05-09-2016, 11:16 AM
1452706092-chandu.docx (Size: 32.14 KB / Downloads: 5)
Introduction
Think about a creating a car which would be controlled by your voice. By giving a command, the car would drive you to your destination. The voice recognition algorithm we used could be applied to daily life; for example it would be most helpful to disabled people to perform their daily work. We created a speech controlled car using various electrical and mechanical domains such as digital signal processing, analog circuit design, and interfacing the car with the Mega32.
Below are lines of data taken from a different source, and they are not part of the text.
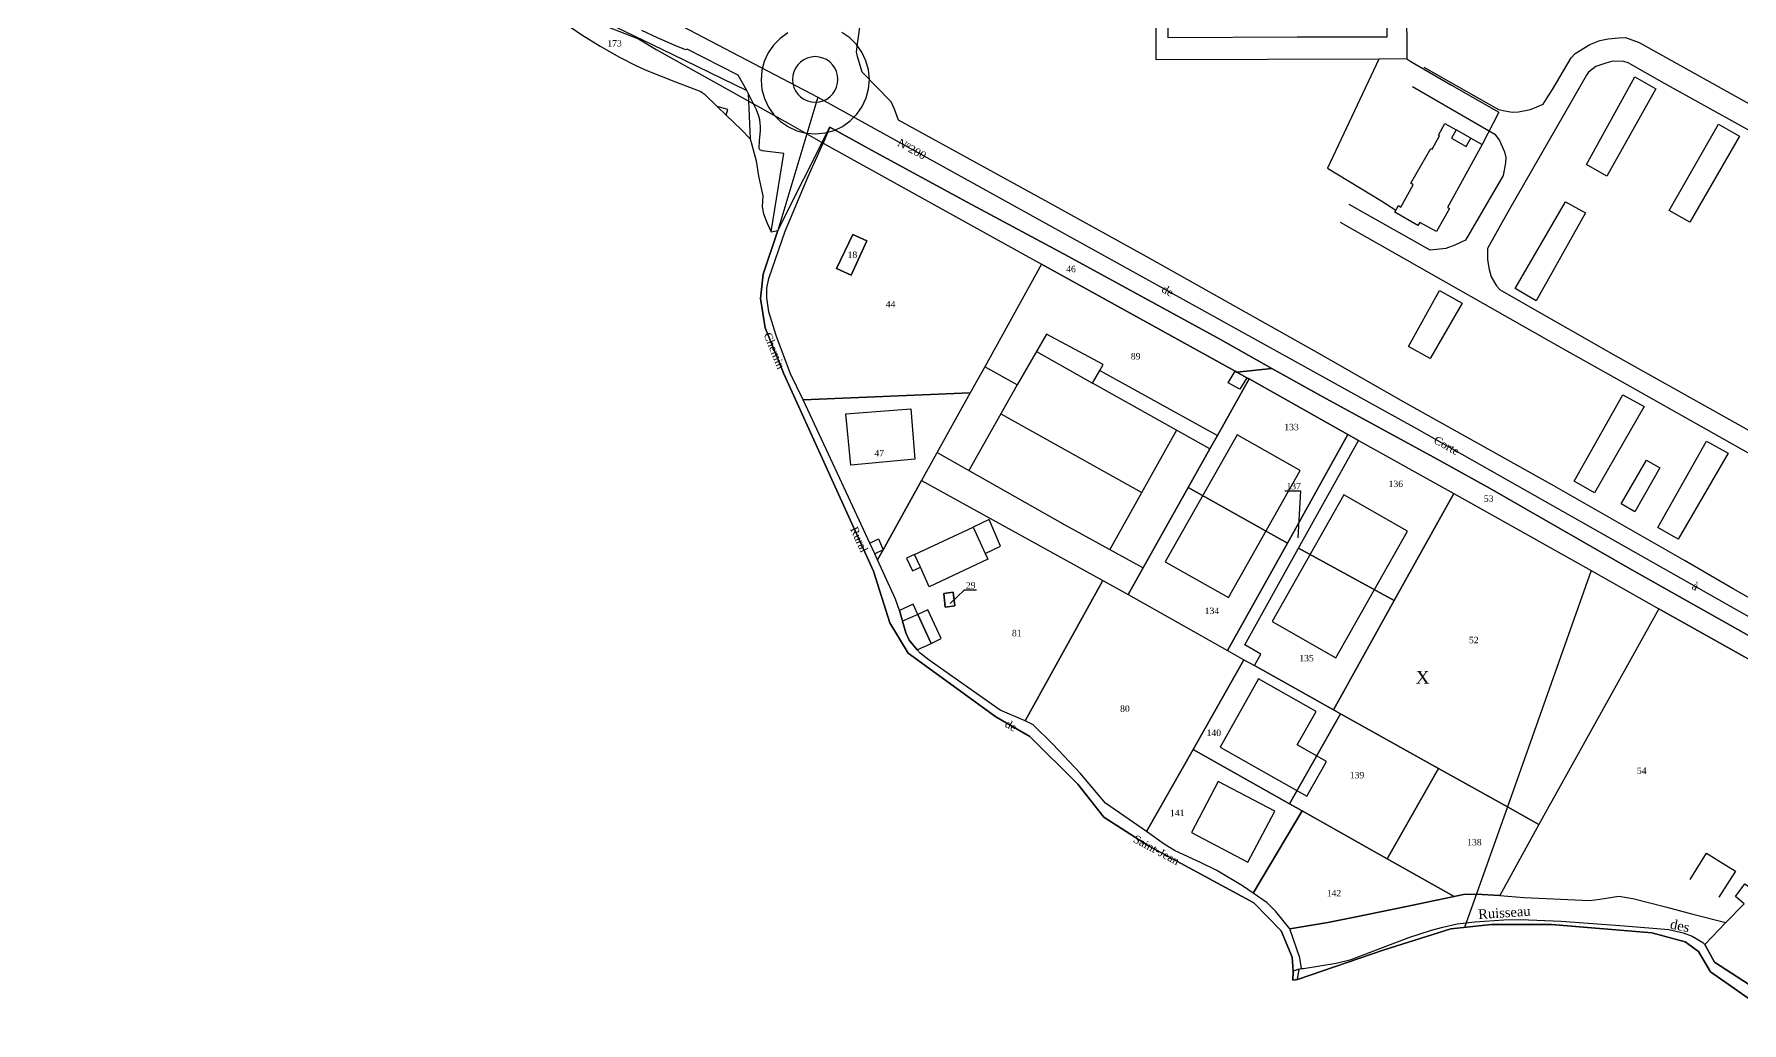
# Model space of a CAD drawing. Extents: x 1208822 to 1209704, y 6152997 to 6153719.
# Drawn here: x 1208825 to 1209359, y 6153000 to 6153309 of the extents above; entities that cross this region are included whole.
import ezdxf

# ---------------------------------------------------------------- set-up
doc = ezdxf.new("R2010")
doc.units = 0
doc.linetypes.add('CONTINU', pattern=[0])
doc.layers.get('0').update_dxf_attribs({"linetype": 'CONTINU'})
for name, color, linetype in [('1LIEUDIT', 7, 'CONTINU'), ('1PARCELLE', 7, 'CONTINU'), ('1PYLONE', 7, 'CONTINU'), ('1SECTION', 7, 'CONTINU'), ('1SUBDSECT', 7, 'CONTINU'), ('1TRONFLUV', 7, 'CONTINU'), ('1TROUPARCELLE', 7, 'CONTINU'), ('1ZONCOMM', 7, 'CONTINU'), ('3BATIDUR', 7, 'CONTINU'), ('3BATILEGER', 7, 'CONTINU'), ('3CHEMIN', 7, 'CONTINU'), ('3FISCLINE', 7, 'CONTINUOUS'), ('3FLECHEPAR', 7, 'CONTINU'), ('3GAZODUC', 7, 'CONTINU'), ('3LIEUDITTEX', 7, 'CONTINU'), ('3LIMNONPARC', 7, 'CONTINU'), ('3PARCELLETEX', 7, 'CONTINU'), ('3PONT', 7, 'CONTINU'), ('3TOPOLINE', 7, 'CONTINU'), ('3TRONFLUVTEX', 7, 'CONTINU'), ('3ZONCOMMTEX', 7, 'CONTINU')]:
    doc.layers.add(name, color=color, linetype=linetype)
doc.styles.get("Standard").update_dxf_attribs({"font": 'Times New Roman'})

# ---------------------------------------------------------------- blocks, each defined once
blk = doc.blocks.new('PYLONE1')
blk.add_point((0, 0))

msp = doc.modelspace()

# ---------------------------------------------------------------- linework, layer by layer
at = {"layer": '1LIEUDIT'}
for points in [[(1208993.15, 6153311.06), (1208996.44, 6153308.81), (1209002.19, 6153305.22), (1209008.18, 6153301.76), (1209013.57, 6153299.13), (1209016.74, 6153297.67), (1209025.75, 6153294.12), (1209033.62, 6153291.09), (1209034.75, 6153290.23), (1209038.78, 6153286.38), (1209041.55, 6153283.69), (1209046.25, 6153279.18), (1209049.04, 6153276.27), (1209049.59, 6153274.42), (1209050.93, 6153269.42), (1209051.6, 6153264.65), (1209053.04, 6153258.5), (1209052.8, 6153255.03), (1209053.25, 6153252.82), (1209054.35, 6153249.91), (1209055.64, 6153247.23), (1209057.68, 6153247.69), (1209073.97, 6153279.94), (1209073.97, 6153279.94), (1209086.93, 6153272.72), (1209116.83, 6153256.54), (1209148.53, 6153239.56), (1209195.94, 6153213.6), (1209211.99, 6153204.56), (1209228.89, 6153195.15), (1209262.69, 6153176.79), (1209280.2, 6153167.02), (1209324.45, 6153141.67), (1209388.98, 6153105.33)], [(1209371.85, 6153000.15), (1209349.07, 6153016.12), (1209345.26, 6153022.39), (1209341.08, 6153025.42), (1209330.67, 6153028.22), (1209299.4, 6153030.84), (1209280.64, 6153030.86), (1209267.94, 6153029.54), (1209247.13, 6153022.94), (1209220.04, 6153013.74), (1209218.52, 6153013.5), (1209218.68, 6153016.25), (1209218.37, 6153020.71), (1209214.95, 6153028.92), (1209206.38, 6153037.61), (1209173.51, 6153055.46), (1209159.56, 6153064.35), (1209151.41, 6153074.75), (1209136.36, 6153089.59), (1209125.76, 6153095.78), (1209098.36, 6153115.66), (1209092.64, 6153125.06), (1209087.57, 6153141.29), (1209059.51, 6153202.87), (1209053.73, 6153217.22), (1209052.31, 6153226.41), (1209053.06, 6153234.04), (1209057.68, 6153247.69), (1209073.97, 6153279.94), (1209073.97, 6153279.94), (1209086.93, 6153272.72), (1209116.83, 6153256.54), (1209148.53, 6153239.56), (1209195.94, 6153213.6), (1209211.99, 6153204.56), (1209228.89, 6153195.15), (1209262.69, 6153176.79), (1209280.2, 6153167.02), (1209324.45, 6153141.67), (1209388.98, 6153105.33)]]:
    msp.add_lwpolyline(points, dxfattribs=at)
at = {"layer": '1PARCELLE'}
for points in [[(1208993.15, 6153311.06), (1208996.44, 6153308.81), (1209002.19, 6153305.22), (1209008.18, 6153301.76), (1209013.57, 6153299.13), (1209016.74, 6153297.67), (1209025.75, 6153294.12), (1209033.62, 6153291.09), (1209034.75, 6153290.23), (1209038.78, 6153286.38), (1209041.55, 6153283.69), (1209046.25, 6153279.18), (1209049.04, 6153276.27), (1209049.59, 6153274.42), (1209050.93, 6153269.42), (1209051.6, 6153264.65), (1209053.04, 6153258.5), (1209052.8, 6153255.03), (1209053.25, 6153252.82), (1209054.35, 6153249.91), (1209055.64, 6153247.23), (1209059.52, 6153271.67), (1209052.78, 6153272.59), (1209052.06, 6153272.86), (1209051.89, 6153273.23), (1209051.98, 6153275.81), (1209052.24, 6153278.81), (1209052.25, 6153280.14), (1209052.04, 6153282.21), (1209051.78, 6153283.37), (1209051.07, 6153285.33), (1209050.04, 6153287.28), (1209047.95, 6153291.37), (1209045.34, 6153296.2), (1209029.38, 6153304.33), (1209029.38, 6153304.33), (1209028.91, 6153304.1), (1209026.06, 6153305.27), (1209020.13, 6153307.89), (1209015.16, 6153310.19)], [(1209381.77, 6153121.21), (1209356.07, 6153135.76), (1209340.92, 6153144.6), (1209300.09, 6153167.87), (1209252.95, 6153194.29), (1209226.89, 6153209.16), (1209172.95, 6153239.41), (1209142.21, 6153256.41), (1209095.4, 6153282.08), (1209094.17, 6153285.6), (1209093.08, 6153287.86), (1209084.02, 6153297.13), (1209082.56, 6153302.05), (1209082.29, 6153303.44), (1209082.68, 6153306.74), (1209083.5, 6153312.68)], [(1209360.9, 6153012.2), (1209350.29, 6153019.09), (1209347.24, 6153024.58), (1209353.78, 6153031.5), (1209353.78, 6153031.5), (1209359.53, 6153037.34), (1209356.81, 6153039.58), (1209359.71, 6153043.58)]]:
    msp.add_lwpolyline(points, dxfattribs=at)
for points in [[(1209201.04, 6153203.45), (1209211.99, 6153204.56), (1209195.94, 6153213.6), (1209148.53, 6153239.56), (1209116.83, 6153256.54), (1209086.93, 6153272.72), (1209073.97, 6153279.94), (1209071.84, 6153274.93), (1209140.1, 6153237.16), (1209200.55, 6153203.73), (1209201.04, 6153203.45)], [(1209061.69, 6153202.9), (1209057.14, 6153214.9), (1209054.87, 6153222.28), (1209054.28, 6153226.6), (1209054.23, 6153229.64), (1209054.84, 6153232.64), (1209059.98, 6153247.45), (1209067.15, 6153264.56), (1209071.84, 6153274.93), (1209140.1, 6153237.16), (1209122.3, 6153205.09), (1209117.76, 6153196.93), (1209065.57, 6153194.73), (1209061.69, 6153202.9)], [(1209081.09, 6153246.42), (1209076, 6153235.84), (1209080.58, 6153233.75), (1209085.46, 6153244.43), (1209081.09, 6153246.42)], [(1209204.89, 6153201.28), (1209204.17, 6153201.65), (1209201.04, 6153203.45), (1209200.55, 6153203.73), (1209140.1, 6153237.16), (1209122.3, 6153205.09), (1209117.76, 6153196.93), (1209102.58, 6153169.61), (1209159.17, 6153138.34), (1209167.09, 6153133.97), (1209185.86, 6153167.35), (1209192.65, 6153179.41), (1209195.05, 6153183.67), (1209204.89, 6153201.28)], [(1209235.76, 6153183.94), (1209204.89, 6153201.28), (1209195.05, 6153183.67), (1209192.65, 6153179.41), (1209185.86, 6153167.35), (1209216.9, 6153149.97), (1209235.76, 6153183.94)], [(1209387.15, 6153099.04), (1209387.39, 6153099.84), (1209388.98, 6153105.33), (1209324.45, 6153141.67), (1209280.2, 6153167.02), (1209262.69, 6153176.79), (1209228.89, 6153195.15), (1209211.99, 6153204.56), (1209201.04, 6153203.45), (1209204.17, 6153201.65), (1209204.89, 6153201.28), (1209235.76, 6153183.94), (1209239.1, 6153182.04), (1209268.82, 6153165.53), (1209311.78, 6153141.49), (1209332.86, 6153129.52), (1209387.15, 6153099.04)], [(1209065.57, 6153194.73), (1209117.76, 6153196.93), (1209102.58, 6153169.61), (1209090.62, 6153147.93), (1209088.85, 6153144.8), (1209088.03, 6153146.61), (1209086.45, 6153150.04), (1209077, 6153170.21), (1209065.57, 6153194.73)], [(1209239.1, 6153182.04), (1209235.76, 6153183.94), (1209216.9, 6153149.97), (1209198.19, 6153116.42), (1209203.28, 6153113.58), (1209206.6, 6153111.75), (1209208.57, 6153115.35), (1209203.58, 6153118.21), (1209220.36, 6153148.39), (1209239.1, 6153182.04)], [(1209239.1, 6153182.04), (1209268.82, 6153165.53), (1209250.21, 6153132.04), (1209220.36, 6153148.39), (1209239.1, 6153182.04)], [(1209127.09, 6153097.85), (1209104.94, 6153113.41), (1209102.17, 6153115.67), (1209101.24, 6153116.65), (1209098.76, 6153119.65), (1209097.71, 6153121.99), (1209095.67, 6153128.97), (1209094.46, 6153132.52), (1209088.85, 6153144.8), (1209090.62, 6153147.93), (1209102.58, 6153169.61), (1209159.17, 6153138.34), (1209134.92, 6153094.53), (1209127.09, 6153097.85)], [(1209185.86, 6153167.35), (1209167.09, 6153133.97), (1209198.19, 6153116.42), (1209216.9, 6153149.97), (1209185.86, 6153167.35)], [(1209332.86, 6153129.52), (1209295.45, 6153062.09), (1209285.6, 6153067.59), (1209264.11, 6153079.59), (1209233.47, 6153096.69), (1209231.31, 6153097.9), (1209250.21, 6153132.04), (1209268.82, 6153165.53), (1209311.78, 6153141.49), (1209332.86, 6153129.52)], [(1209231.31, 6153097.9), (1209206.6, 6153111.75), (1209208.57, 6153115.35), (1209203.58, 6153118.21), (1209220.36, 6153148.39), (1209250.21, 6153132.04), (1209231.31, 6153097.9)], [(1209203.28, 6153113.58), (1209187.39, 6153085.55), (1209172.9, 6153059.97), (1209160.07, 6153068.73), (1209152.1, 6153078.16), (1209143.63, 6153087.23), (1209137.4, 6153093.26), (1209134.92, 6153094.53), (1209159.17, 6153138.34), (1209167.09, 6153133.97), (1209198.19, 6153116.42), (1209203.28, 6153113.58)], [(1209109.55, 6153134.28), (1209110, 6153130.02), (1209112.96, 6153130.37), (1209112.47, 6153134.66), (1209109.55, 6153134.28)], [(1209353.78, 6153031.5), (1209359.53, 6153037.34), (1209356.81, 6153039.58), (1209359.71, 6153043.58), (1209363.18, 6153041.16), (1209371.56, 6153057.57), (1209378.87, 6153072.91), (1209382.84, 6153084.95), (1209387.15, 6153099.04), (1209332.86, 6153129.52), (1209295.45, 6153062.09), (1209283.27, 6153039.98), (1209290.8, 6153039.33), (1209311.29, 6153038.42), (1209314.49, 6153038.75), (1209320.38, 6153039.7), (1209324.75, 6153038.97), (1209334.96, 6153036.43), (1209343.51, 6153034.05), (1209353.78, 6153031.5)], [(1209187.39, 6153085.55), (1209203.28, 6153113.58), (1209206.6, 6153111.75), (1209231.31, 6153097.9), (1209233.47, 6153096.69), (1209217.48, 6153068.58), (1209187.39, 6153085.55)], [(1209233.47, 6153096.69), (1209264.11, 6153079.59), (1209248.03, 6153051.35), (1209221.46, 6153066.34), (1209217.48, 6153068.58), (1209233.47, 6153096.69)], [(1209206.14, 6153040.68), (1209202.88, 6153042.92), (1209194.78, 6153047.74), (1209190.17, 6153050.01), (1209181.62, 6153053.97), (1209178.39, 6153055.98), (1209172.9, 6153059.97), (1209187.39, 6153085.55), (1209217.48, 6153068.58), (1209221.46, 6153066.34), (1209206.14, 6153040.68)], [(1209264.11, 6153079.59), (1209285.6, 6153067.59), (1209295.45, 6153062.09), (1209283.27, 6153039.98), (1209275.85, 6153040.32), (1209271.88, 6153040.2), (1209268.91, 6153039.59), (1209248.03, 6153051.35), (1209264.11, 6153079.59)], [(1209213.22, 6153034.95), (1209210.53, 6153037.67), (1209206.14, 6153040.68), (1209221.46, 6153066.34), (1209248.03, 6153051.35), (1209268.91, 6153039.59), (1209253.56, 6153036.44), (1209238.32, 6153033.23), (1209229.47, 6153031.49), (1209217.67, 6153029.53), (1209213.22, 6153034.95)]]:
    msp.add_lwpolyline(points, close=True, dxfattribs=at)
at = {"layer": '1SECTION'}
msp.add_lwpolyline([(1208993.15, 6153311.06), (1208996.44, 6153308.81), (1209002.19, 6153305.22), (1209008.18, 6153301.76), (1209013.57, 6153299.13), (1209016.74, 6153297.67), (1209025.75, 6153294.12), (1209033.62, 6153291.09), (1209034.75, 6153290.23), (1209038.78, 6153286.38), (1209041.55, 6153283.69), (1209046.25, 6153279.18), (1209049.04, 6153276.27), (1209049.59, 6153274.42), (1209050.93, 6153269.42), (1209051.6, 6153264.65), (1209053.04, 6153258.5), (1209052.8, 6153255.03), (1209053.25, 6153252.82), (1209054.35, 6153249.91), (1209055.64, 6153247.23), (1209057.68, 6153247.69), (1209053.06, 6153234.04), (1209052.31, 6153226.41), (1209053.73, 6153217.22), (1209059.51, 6153202.87), (1209087.57, 6153141.29), (1209092.64, 6153125.06), (1209098.36, 6153115.66), (1209125.76, 6153095.78), (1209136.36, 6153089.59), (1209151.41, 6153074.75), (1209159.56, 6153064.35), (1209173.51, 6153055.46), (1209206.38, 6153037.61), (1209214.95, 6153028.92), (1209218.37, 6153020.71), (1209218.68, 6153016.25), (1209218.52, 6153013.5), (1209220.04, 6153013.74), (1209247.13, 6153022.94), (1209267.94, 6153029.54), (1209280.64, 6153030.86), (1209299.4, 6153030.84), (1209330.67, 6153028.22), (1209341.08, 6153025.42), (1209345.26, 6153022.39), (1209349.07, 6153016.12), (1209371.85, 6153000.15)], dxfattribs=at)
at = {"layer": '1SUBDSECT'}
msp.add_lwpolyline([(1208993.15, 6153311.06), (1208996.44, 6153308.81), (1209002.19, 6153305.22), (1209008.18, 6153301.76), (1209013.57, 6153299.13), (1209016.74, 6153297.67), (1209025.75, 6153294.12), (1209033.62, 6153291.09), (1209034.75, 6153290.23), (1209038.78, 6153286.38), (1209041.55, 6153283.69), (1209046.25, 6153279.18), (1209049.04, 6153276.27), (1209049.59, 6153274.42), (1209050.93, 6153269.42), (1209051.6, 6153264.65), (1209053.04, 6153258.5), (1209052.8, 6153255.03), (1209053.25, 6153252.82), (1209054.35, 6153249.91), (1209055.64, 6153247.23), (1209057.68, 6153247.69), (1209053.06, 6153234.04), (1209052.31, 6153226.41), (1209053.73, 6153217.22), (1209059.51, 6153202.87), (1209087.57, 6153141.29), (1209092.64, 6153125.06), (1209098.36, 6153115.66), (1209125.76, 6153095.78), (1209136.36, 6153089.59), (1209151.41, 6153074.75), (1209159.56, 6153064.35), (1209173.51, 6153055.46), (1209206.38, 6153037.61), (1209214.95, 6153028.92), (1209218.37, 6153020.71), (1209218.68, 6153016.25), (1209218.52, 6153013.5), (1209220.04, 6153013.74), (1209247.13, 6153022.94), (1209267.94, 6153029.54), (1209280.64, 6153030.86), (1209299.4, 6153030.84), (1209330.67, 6153028.22), (1209341.08, 6153025.42), (1209345.26, 6153022.39), (1209349.07, 6153016.12), (1209371.85, 6153000.15)], dxfattribs=at)
at = {"layer": '1TRONFLUV'}
msp.add_lwpolyline([(1209371.85, 6153000.15), (1209349.07, 6153016.12), (1209345.26, 6153022.39), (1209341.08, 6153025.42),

We were both interested in building some kind of robot. We researched projects that had been done in the field of robotics and there existed a line follower robot, and sensor robots but none of them used speech to control a robot. In the digital world, it would be cool to make a robot which obeys human speech commands and performs errands. In the movie “I, Robot”, (where our project idea came from) they showed a high tech robotic car responding to vocal commands and driving according to human speech. We picked a part of the theme of the movie to make a car move using speech recognition. The required computation to process speech would normally overflow the mega32 memory, but we found a nice algorithm from a website by Tor Aamodt, from the ECE department at the University of British Columbia that would fit within our constraint.
• Background math:
Speech Analysis:
In order to analyze speech, we needed to look at the frequency content of the detected word. To do this we used several 4th order Chebyshev band pass filters. To create 4th order filters, we cascaded two second order filters using the following "Direct Form II Transposed" implementation of a difference equations.
• Initial-Threshold Calculation:
At start up as part of the initialization the program reads the ADC input using timercounter0 and accumulates its value 256 times. By interpreting the read in ADC value as a number between 1 to 1/256, in fixed point, and accumulating 256 times. The average value of ADC was calculated without doing a multiply or divide. Three average values are taken each with a 16.4msec delay between the samples. After receiving three average values, the threshold value is to be four times the value of the median number. The threshold value is useful to detect when a word has been spoken or not.
• Fingerprint Generation:
The program considers a word detected if a sample value from the ADC is greater than the threshold value. Every sample of ADC is typecast to an int and stored in a dummy variable Ain. The Ain value passes through 8 4th order Chebyshev band pass filters with a 40 dB stop band for 2000 samples (half a second) once a word has been detected. When a filter is used its output is squared and that value is accumulated with the previous squares of the filter output. After 125 samples the accumulated value is stored as a data point in the fingerprint of that word. The accumulator is then cleared and the process is begun again. After 2000 samples 16 points have been generated from each filter, thus every sampled word is divided up into 16 parts. Our code is based around using 10 filters and since each one outputs 16 data points every fingerprint is made up of 160 data points.
Project Results
Since we had to pass the ADC output through all of the filters faster than our sample time; the time it took do all the filter calculations was very important. We were able to run through 9 filters in under 4000 cycles, which is the amount of cycles available when sampling from the ADC at 4 KHz. The fingerprint comparison function did not have a speed requirement and so the cycle time for that was unimportant. The program was able to recognize five words, but sometimes it would become confused and match the incorrect word if the word that was spoken varied too much from the word stored in the dictionary. As a rough estimate the program recognized the correct word about 70% of the time a valid word was spoken. The program achieved success using Chirag’s voice, and with sufficient practice a person could say the same word with a small enough variation for the program to recognize the spoken word most of the time. For the general person though the recognition program would have a much lower percentage of success. Also the words in the dictionary are words spoken by only one person. If someone else said the same words it is unlikely the program would recognize the correct word most of the time, if at all.
For safety an testing we made sure the PWM signals sent to the car were as close to neutral as possible, while still letting the move go forward and backward. We did this to prevent the car from going out of control and potentially hurting others. Our project did not use any RF signals and the board we used ran just off of a battery so there were no physical connections to anything involving other peoples projects. Also the only pins switching state were the pins for the PWM, which were mostly covered by wire.
Conclusion
At the beginning of our project, we set a goal to recognize five words, at the end of project we got five words to be recognized. However our five words needed to be orthogonal to each other because our filters were not giving a high enough resolution and inaccuracy in fingerprint calculations due to using fix point arithmetic made the lookup function to be error prone. As a result, we had to pick various different words that sound apart. If we had to do this again instead of trying to use the Euclidean distance formula to match words we would like to try do perform a correlation of the two fingerprints. A correlation is less sensitive to amplitude differences and is a better way of identifying patterns between two objects. If we had faster process chip, we could modified our algorithm to add more filters, perform Fourier transform, or floating point arithmetic in order to improve our results.